RECORD SET:
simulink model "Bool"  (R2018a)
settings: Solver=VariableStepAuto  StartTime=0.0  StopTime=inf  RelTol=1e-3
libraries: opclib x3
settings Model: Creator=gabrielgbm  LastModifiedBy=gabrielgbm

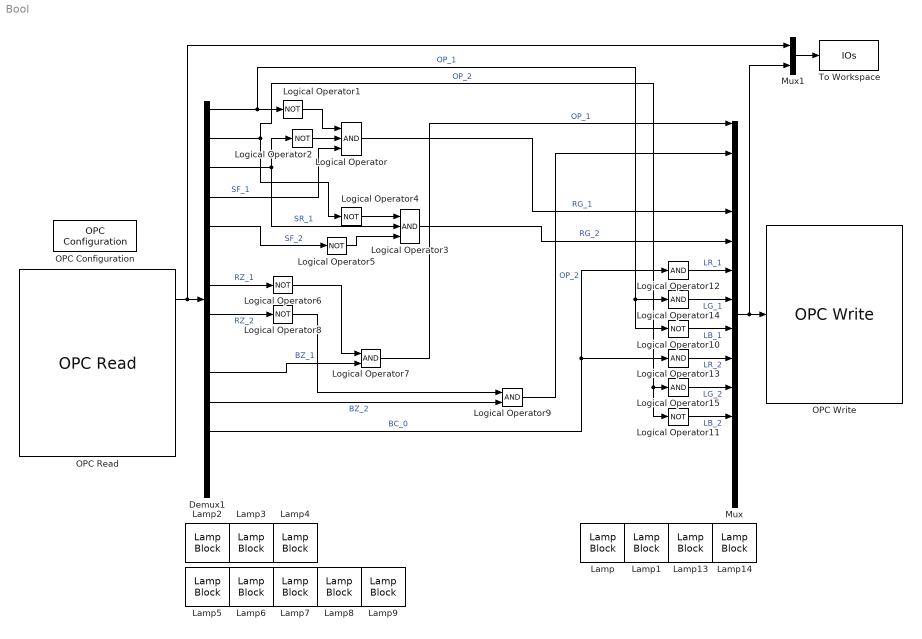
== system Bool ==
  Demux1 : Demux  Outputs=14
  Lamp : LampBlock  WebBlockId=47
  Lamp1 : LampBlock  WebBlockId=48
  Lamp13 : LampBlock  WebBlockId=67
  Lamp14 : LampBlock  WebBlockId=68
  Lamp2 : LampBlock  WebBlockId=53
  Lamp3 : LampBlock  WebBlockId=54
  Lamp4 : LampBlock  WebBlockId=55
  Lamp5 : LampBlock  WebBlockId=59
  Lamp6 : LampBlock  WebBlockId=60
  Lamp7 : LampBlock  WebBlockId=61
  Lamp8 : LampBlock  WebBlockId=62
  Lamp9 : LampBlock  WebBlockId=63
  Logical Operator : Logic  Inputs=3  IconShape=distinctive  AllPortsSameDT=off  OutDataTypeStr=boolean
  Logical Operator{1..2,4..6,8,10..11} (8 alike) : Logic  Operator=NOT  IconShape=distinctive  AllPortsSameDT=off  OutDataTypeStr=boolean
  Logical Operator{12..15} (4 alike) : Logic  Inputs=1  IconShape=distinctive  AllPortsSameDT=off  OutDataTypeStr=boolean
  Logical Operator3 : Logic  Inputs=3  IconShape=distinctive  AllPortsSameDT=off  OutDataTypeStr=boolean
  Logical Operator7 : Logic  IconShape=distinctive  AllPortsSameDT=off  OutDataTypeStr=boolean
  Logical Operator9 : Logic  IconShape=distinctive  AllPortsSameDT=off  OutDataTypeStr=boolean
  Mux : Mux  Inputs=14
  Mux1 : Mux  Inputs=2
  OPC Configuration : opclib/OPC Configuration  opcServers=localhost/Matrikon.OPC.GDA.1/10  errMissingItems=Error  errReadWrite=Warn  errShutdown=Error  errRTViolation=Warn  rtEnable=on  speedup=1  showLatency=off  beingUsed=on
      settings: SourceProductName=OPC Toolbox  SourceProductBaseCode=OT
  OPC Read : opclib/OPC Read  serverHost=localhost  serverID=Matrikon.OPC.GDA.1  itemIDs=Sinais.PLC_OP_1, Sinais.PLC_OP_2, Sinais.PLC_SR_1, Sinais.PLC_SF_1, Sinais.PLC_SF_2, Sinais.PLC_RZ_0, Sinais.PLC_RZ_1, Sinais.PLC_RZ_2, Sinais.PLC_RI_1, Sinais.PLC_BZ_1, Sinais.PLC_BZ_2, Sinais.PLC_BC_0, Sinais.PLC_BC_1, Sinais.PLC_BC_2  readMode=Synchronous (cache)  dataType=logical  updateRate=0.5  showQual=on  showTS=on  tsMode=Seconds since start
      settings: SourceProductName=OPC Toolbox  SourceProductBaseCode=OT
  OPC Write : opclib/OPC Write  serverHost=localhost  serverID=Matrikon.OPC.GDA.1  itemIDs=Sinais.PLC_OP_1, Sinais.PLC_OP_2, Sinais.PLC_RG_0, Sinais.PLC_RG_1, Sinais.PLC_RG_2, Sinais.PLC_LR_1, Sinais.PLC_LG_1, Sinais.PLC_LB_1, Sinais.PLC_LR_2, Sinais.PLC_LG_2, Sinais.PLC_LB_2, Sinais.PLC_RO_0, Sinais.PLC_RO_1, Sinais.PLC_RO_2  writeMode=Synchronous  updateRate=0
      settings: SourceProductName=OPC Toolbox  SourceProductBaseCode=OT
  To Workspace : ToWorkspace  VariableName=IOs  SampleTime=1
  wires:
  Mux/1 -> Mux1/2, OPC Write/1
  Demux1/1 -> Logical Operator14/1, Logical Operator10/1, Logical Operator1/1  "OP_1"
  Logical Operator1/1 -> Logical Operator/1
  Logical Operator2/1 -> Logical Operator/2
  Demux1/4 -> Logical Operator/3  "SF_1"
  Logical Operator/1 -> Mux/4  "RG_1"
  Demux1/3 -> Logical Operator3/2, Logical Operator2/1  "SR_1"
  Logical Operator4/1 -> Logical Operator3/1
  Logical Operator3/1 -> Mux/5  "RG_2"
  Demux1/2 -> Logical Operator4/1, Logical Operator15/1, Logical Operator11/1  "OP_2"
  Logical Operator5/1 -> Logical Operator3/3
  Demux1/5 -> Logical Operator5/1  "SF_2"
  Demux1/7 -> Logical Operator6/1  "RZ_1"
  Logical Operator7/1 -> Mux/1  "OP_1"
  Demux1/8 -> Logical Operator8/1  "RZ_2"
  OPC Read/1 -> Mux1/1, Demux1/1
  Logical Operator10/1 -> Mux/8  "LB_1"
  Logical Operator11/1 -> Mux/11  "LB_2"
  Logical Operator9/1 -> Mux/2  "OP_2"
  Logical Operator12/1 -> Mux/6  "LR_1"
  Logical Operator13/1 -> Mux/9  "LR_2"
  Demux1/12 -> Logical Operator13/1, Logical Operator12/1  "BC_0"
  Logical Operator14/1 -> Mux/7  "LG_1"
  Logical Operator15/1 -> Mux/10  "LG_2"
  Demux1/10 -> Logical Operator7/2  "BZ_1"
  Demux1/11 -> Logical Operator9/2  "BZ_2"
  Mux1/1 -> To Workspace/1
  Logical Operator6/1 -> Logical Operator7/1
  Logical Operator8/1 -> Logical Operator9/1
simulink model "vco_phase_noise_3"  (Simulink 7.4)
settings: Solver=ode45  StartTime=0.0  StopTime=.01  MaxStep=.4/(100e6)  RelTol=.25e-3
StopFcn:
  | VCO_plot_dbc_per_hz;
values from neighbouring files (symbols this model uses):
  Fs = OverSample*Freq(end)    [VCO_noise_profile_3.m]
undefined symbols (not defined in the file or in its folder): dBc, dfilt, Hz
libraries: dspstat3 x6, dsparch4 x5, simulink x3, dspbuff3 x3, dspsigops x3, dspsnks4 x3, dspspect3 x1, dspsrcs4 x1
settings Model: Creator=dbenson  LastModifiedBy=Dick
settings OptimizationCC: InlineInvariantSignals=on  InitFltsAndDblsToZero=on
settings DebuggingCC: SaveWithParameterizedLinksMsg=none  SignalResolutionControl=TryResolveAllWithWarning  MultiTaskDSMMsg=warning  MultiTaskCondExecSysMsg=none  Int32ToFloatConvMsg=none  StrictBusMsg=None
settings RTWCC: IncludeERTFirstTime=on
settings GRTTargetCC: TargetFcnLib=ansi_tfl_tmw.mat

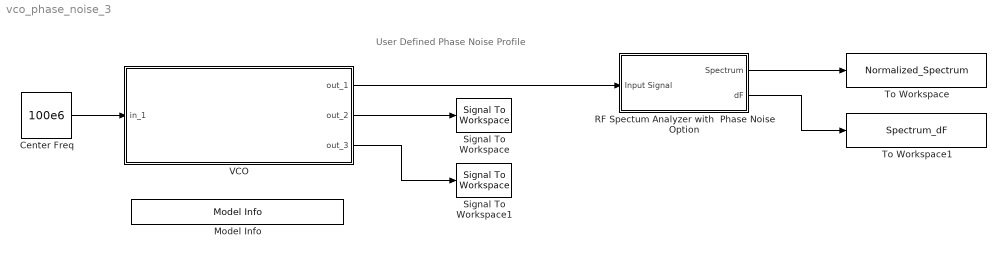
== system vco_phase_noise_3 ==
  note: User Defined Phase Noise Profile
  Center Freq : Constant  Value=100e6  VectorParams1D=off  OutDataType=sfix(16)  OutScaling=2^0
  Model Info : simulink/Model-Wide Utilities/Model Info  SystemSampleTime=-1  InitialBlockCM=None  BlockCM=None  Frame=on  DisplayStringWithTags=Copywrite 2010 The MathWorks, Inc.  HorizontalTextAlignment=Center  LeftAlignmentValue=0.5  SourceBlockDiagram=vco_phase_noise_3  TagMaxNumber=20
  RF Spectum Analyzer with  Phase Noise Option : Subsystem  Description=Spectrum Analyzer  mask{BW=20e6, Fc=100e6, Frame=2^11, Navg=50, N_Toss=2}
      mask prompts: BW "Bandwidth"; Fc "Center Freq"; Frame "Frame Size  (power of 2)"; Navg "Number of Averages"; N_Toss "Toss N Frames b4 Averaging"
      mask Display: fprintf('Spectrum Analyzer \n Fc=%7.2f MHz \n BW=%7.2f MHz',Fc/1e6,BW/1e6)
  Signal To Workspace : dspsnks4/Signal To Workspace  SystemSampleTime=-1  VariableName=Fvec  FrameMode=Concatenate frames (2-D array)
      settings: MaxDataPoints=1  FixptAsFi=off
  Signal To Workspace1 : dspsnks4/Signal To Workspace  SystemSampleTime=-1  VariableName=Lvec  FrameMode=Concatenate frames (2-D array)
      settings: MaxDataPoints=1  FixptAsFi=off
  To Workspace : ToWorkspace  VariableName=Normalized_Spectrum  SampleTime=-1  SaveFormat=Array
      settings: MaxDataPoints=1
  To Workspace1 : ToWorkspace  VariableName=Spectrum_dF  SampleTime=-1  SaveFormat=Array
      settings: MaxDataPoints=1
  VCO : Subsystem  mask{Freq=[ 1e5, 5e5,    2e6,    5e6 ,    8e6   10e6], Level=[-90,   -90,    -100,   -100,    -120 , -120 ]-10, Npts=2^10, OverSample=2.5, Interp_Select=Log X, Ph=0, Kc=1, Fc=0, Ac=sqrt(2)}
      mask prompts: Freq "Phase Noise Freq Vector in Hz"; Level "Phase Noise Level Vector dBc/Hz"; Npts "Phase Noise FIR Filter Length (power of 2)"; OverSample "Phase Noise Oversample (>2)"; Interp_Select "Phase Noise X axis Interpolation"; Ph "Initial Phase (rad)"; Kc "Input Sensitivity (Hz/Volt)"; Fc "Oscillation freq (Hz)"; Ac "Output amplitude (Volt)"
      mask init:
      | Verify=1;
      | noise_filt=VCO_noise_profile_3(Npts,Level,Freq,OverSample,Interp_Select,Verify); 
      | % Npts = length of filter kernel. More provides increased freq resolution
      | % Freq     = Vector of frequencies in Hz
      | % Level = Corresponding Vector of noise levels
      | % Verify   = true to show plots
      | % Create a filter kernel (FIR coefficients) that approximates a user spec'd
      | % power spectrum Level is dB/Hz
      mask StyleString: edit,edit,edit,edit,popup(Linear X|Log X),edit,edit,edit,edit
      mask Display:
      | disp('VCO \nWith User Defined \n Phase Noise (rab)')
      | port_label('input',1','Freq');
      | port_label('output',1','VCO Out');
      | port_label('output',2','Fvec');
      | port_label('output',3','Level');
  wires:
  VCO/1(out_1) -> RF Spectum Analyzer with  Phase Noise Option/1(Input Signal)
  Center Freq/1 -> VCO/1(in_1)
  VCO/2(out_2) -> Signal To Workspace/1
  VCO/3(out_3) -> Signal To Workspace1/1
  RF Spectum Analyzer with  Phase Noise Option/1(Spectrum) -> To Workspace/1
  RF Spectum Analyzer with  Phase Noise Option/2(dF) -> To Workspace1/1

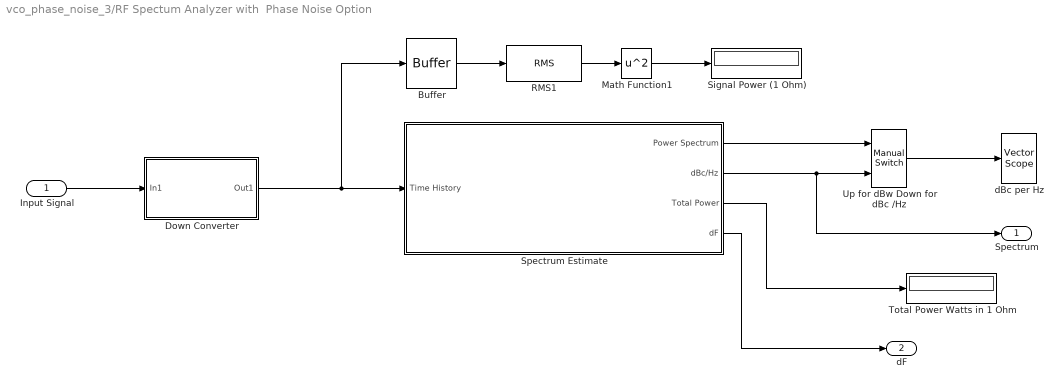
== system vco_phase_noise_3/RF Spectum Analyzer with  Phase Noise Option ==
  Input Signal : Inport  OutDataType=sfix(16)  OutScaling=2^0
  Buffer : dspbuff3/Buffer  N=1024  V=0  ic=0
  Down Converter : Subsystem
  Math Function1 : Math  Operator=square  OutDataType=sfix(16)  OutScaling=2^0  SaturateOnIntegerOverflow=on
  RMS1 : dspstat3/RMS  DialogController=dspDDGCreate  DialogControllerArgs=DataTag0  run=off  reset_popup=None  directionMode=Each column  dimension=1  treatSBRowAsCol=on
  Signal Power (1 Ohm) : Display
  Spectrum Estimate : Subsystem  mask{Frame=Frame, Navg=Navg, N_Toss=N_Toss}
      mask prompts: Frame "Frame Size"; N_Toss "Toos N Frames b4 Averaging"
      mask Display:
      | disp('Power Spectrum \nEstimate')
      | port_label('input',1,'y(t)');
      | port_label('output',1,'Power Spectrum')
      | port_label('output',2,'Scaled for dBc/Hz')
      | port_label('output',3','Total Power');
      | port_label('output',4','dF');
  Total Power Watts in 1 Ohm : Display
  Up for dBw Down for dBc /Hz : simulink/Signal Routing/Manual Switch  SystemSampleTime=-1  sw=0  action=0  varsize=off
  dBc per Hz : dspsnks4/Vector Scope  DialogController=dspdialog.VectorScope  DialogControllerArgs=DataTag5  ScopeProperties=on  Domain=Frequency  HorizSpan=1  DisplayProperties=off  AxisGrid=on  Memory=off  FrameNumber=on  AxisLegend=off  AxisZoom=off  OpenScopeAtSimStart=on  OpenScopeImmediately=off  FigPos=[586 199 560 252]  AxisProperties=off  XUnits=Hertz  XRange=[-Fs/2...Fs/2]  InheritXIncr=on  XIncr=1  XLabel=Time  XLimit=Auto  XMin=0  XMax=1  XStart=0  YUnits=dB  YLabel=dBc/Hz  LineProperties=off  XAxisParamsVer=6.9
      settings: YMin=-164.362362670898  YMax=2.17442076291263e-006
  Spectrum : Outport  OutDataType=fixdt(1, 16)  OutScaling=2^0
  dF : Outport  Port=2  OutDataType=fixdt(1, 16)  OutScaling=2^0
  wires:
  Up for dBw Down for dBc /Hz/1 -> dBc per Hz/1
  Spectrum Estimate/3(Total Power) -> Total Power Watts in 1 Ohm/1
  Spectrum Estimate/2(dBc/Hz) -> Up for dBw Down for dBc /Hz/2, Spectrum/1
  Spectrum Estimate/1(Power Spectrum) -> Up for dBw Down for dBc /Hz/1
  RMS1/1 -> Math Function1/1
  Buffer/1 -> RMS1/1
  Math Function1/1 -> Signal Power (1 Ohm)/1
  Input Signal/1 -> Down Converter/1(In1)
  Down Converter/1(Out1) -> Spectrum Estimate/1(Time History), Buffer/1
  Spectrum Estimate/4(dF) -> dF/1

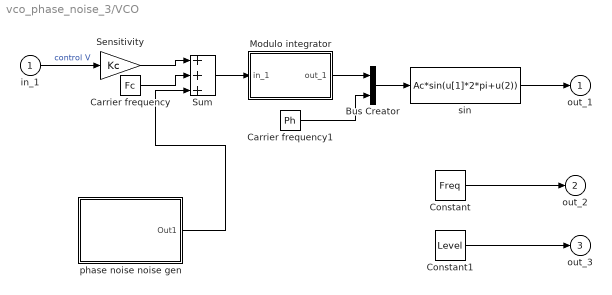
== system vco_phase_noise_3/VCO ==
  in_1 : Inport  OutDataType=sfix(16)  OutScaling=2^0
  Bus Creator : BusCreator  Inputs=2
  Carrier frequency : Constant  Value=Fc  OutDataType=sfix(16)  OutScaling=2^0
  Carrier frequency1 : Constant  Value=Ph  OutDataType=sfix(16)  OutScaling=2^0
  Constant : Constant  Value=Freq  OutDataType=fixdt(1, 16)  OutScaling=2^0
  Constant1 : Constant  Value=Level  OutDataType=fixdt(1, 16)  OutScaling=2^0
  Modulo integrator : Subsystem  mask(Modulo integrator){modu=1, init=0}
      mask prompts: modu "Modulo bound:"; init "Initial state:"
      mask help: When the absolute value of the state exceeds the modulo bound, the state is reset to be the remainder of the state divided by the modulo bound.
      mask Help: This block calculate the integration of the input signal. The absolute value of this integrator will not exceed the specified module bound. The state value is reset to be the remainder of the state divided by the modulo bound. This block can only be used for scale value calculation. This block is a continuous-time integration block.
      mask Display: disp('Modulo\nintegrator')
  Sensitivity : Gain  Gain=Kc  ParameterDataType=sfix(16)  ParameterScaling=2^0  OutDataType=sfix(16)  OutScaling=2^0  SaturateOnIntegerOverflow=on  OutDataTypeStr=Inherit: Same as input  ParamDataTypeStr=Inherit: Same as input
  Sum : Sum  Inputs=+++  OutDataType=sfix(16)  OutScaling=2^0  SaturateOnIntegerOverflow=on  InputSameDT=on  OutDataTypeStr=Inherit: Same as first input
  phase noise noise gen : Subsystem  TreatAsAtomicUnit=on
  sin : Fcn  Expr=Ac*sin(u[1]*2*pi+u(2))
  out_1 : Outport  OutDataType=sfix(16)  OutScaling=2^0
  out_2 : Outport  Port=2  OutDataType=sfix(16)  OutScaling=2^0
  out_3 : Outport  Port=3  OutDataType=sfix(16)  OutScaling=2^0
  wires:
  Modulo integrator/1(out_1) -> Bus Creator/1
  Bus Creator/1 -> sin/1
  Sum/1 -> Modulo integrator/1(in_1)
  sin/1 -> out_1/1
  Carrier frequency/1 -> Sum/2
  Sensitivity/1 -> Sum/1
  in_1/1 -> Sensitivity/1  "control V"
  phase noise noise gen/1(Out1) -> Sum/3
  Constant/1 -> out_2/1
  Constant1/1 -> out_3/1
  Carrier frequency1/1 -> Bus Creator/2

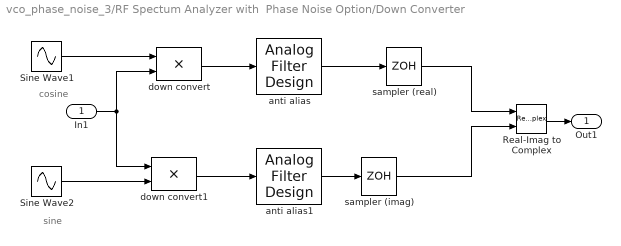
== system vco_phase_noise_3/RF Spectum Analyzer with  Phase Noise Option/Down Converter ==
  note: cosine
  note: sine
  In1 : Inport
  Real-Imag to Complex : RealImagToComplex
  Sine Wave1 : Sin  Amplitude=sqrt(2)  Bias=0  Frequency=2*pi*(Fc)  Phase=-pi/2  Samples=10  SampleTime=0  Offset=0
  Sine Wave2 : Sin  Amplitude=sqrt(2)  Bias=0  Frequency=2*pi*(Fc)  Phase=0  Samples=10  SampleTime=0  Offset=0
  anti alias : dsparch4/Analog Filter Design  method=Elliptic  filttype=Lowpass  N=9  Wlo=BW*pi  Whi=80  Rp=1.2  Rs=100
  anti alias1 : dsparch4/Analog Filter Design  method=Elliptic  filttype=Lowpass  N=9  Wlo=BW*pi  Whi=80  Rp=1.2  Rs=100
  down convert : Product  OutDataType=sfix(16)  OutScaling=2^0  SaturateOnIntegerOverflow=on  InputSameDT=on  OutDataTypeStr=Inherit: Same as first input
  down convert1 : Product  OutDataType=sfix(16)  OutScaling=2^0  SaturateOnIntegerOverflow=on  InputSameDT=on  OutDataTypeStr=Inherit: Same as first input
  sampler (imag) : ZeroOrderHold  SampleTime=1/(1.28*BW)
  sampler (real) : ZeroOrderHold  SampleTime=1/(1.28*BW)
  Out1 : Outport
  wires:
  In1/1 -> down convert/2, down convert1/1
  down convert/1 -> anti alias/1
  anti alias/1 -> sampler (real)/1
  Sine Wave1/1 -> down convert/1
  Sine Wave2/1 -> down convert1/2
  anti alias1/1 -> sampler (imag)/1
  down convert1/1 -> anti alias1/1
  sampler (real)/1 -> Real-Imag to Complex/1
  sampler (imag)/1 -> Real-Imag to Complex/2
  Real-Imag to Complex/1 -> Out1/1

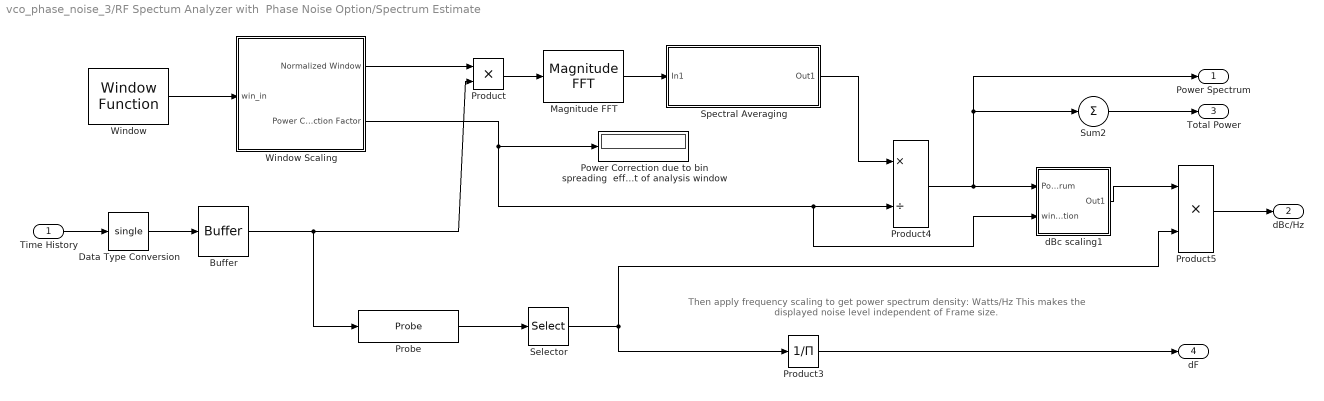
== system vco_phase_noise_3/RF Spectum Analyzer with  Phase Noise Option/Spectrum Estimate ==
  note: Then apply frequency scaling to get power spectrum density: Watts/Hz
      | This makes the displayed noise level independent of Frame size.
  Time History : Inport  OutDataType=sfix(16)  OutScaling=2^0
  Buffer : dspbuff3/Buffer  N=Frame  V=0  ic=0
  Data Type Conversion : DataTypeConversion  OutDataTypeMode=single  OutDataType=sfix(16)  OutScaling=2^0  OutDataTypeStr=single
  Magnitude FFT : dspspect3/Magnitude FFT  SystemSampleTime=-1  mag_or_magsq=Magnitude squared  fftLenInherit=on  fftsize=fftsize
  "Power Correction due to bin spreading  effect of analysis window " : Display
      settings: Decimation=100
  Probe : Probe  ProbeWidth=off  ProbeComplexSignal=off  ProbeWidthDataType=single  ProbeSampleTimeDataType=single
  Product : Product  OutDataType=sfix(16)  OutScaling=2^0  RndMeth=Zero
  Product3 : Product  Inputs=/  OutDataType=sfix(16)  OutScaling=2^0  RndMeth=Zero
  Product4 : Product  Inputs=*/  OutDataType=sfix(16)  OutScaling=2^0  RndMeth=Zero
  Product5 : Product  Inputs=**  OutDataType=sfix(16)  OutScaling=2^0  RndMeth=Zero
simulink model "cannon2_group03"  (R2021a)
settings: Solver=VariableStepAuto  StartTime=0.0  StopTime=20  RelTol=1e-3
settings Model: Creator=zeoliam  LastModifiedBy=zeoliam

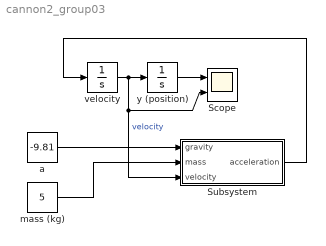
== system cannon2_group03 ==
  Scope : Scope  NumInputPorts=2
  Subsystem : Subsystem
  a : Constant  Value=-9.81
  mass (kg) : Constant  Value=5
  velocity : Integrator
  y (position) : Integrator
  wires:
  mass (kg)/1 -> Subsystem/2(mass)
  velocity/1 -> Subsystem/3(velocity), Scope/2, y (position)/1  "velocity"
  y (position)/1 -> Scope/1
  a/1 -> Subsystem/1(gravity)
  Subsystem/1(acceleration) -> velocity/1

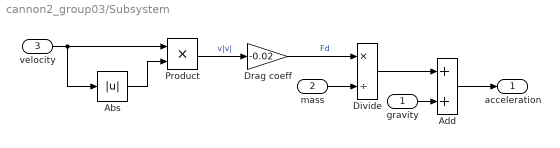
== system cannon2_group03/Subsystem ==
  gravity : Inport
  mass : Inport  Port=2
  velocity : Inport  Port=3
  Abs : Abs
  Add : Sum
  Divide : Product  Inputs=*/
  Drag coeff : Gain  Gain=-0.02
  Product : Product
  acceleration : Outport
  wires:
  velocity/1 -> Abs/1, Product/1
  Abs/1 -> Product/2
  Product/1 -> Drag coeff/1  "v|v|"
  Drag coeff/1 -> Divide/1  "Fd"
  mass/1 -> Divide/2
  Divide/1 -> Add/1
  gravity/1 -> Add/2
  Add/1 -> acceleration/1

HOW TO COMPLETE THIS TASK: In the listing above, find the line with "Demux1/4 -> Logical" and the line with "Center Freq : Constant". Set down both and every line between them, minus the pictures.

SOLUTION TO THIS TASK:
  Demux1/4 -> Logical Operator/3  "SF_1"
  Logical Operator/1 -> Mux/4  "RG_1"
  Demux1/3 -> Logical Operator3/2, Logical Operator2/1  "SR_1"
  Logical Operator4/1 -> Logical Operator3/1
  Logical Operator3/1 -> Mux/5  "RG_2"
  Demux1/2 -> Logical Operator4/1, Logical Operator15/1, Logical Operator11/1  "OP_2"
  Logical Operator5/1 -> Logical Operator3/3
  Demux1/5 -> Logical Operator5/1  "SF_2"
  Demux1/7 -> Logical Operator6/1  "RZ_1"
  Logical Operator7/1 -> Mux/1  "OP_1"
  Demux1/8 -> Logical Operator8/1  "RZ_2"
  OPC Read/1 -> Mux1/1, Demux1/1
  Logical Operator10/1 -> Mux/8  "LB_1"
  Logical Operator11/1 -> Mux/11  "LB_2"
  Logical Operator9/1 -> Mux/2  "OP_2"
  Logical Operator12/1 -> Mux/6  "LR_1"
  Logical Operator13/1 -> Mux/9  "LR_2"
  Demux1/12 -> Logical Operator13/1, Logical Operator12/1  "BC_0"
  Logical Operator14/1 -> Mux/7  "LG_1"
  Logical Operator15/1 -> Mux/10  "LG_2"
  Demux1/10 -> Logical Operator7/2  "BZ_1"
  Demux1/11 -> Logical Operator9/2  "BZ_2"
  Mux1/1 -> To Workspace/1
  Logical Operator6/1 -> Logical Operator7/1
  Logical Operator8/1 -> Logical Operator9/1
simulink model "vco_phase_noise_3"  (Simulink 7.4)
settings: Solver=ode45  StartTime=0.0  StopTime=.01  MaxStep=.4/(100e6)  RelTol=.25e-3
StopFcn:
  | VCO_plot_dbc_per_hz;
values from neighbouring files (symbols this model uses):
  Fs = OverSample*Freq(end)    [VCO_noise_profile_3.m]
undefined symbols (not defined in the file or in its folder): dBc, dfilt, Hz
libraries: dspstat3 x6, dsparch4 x5, simulink x3, dspbuff3 x3, dspsigops x3, dspsnks4 x3, dspspect3 x1, dspsrcs4 x1
settings Model: Creator=dbenson  LastModifiedBy=Dick
settings OptimizationCC: InlineInvariantSignals=on  InitFltsAndDblsToZero=on
settings DebuggingCC: SaveWithParameterizedLinksMsg=none  SignalResolutionControl=TryResolveAllWithWarning  MultiTaskDSMMsg=warning  MultiTaskCondExecSysMsg=none  Int32ToFloatConvMsg=none  StrictBusMsg=None
settings RTWCC: IncludeERTFirstTime=on
settings GRTTargetCC: TargetFcnLib=ansi_tfl_tmw.mat

== system vco_phase_noise_3 ==
  note: User Defined Phase Noise Profile
  Center Freq : Constant  Value=100e6  VectorParams1D=off  OutDataType=sfix(16)  OutScaling=2^0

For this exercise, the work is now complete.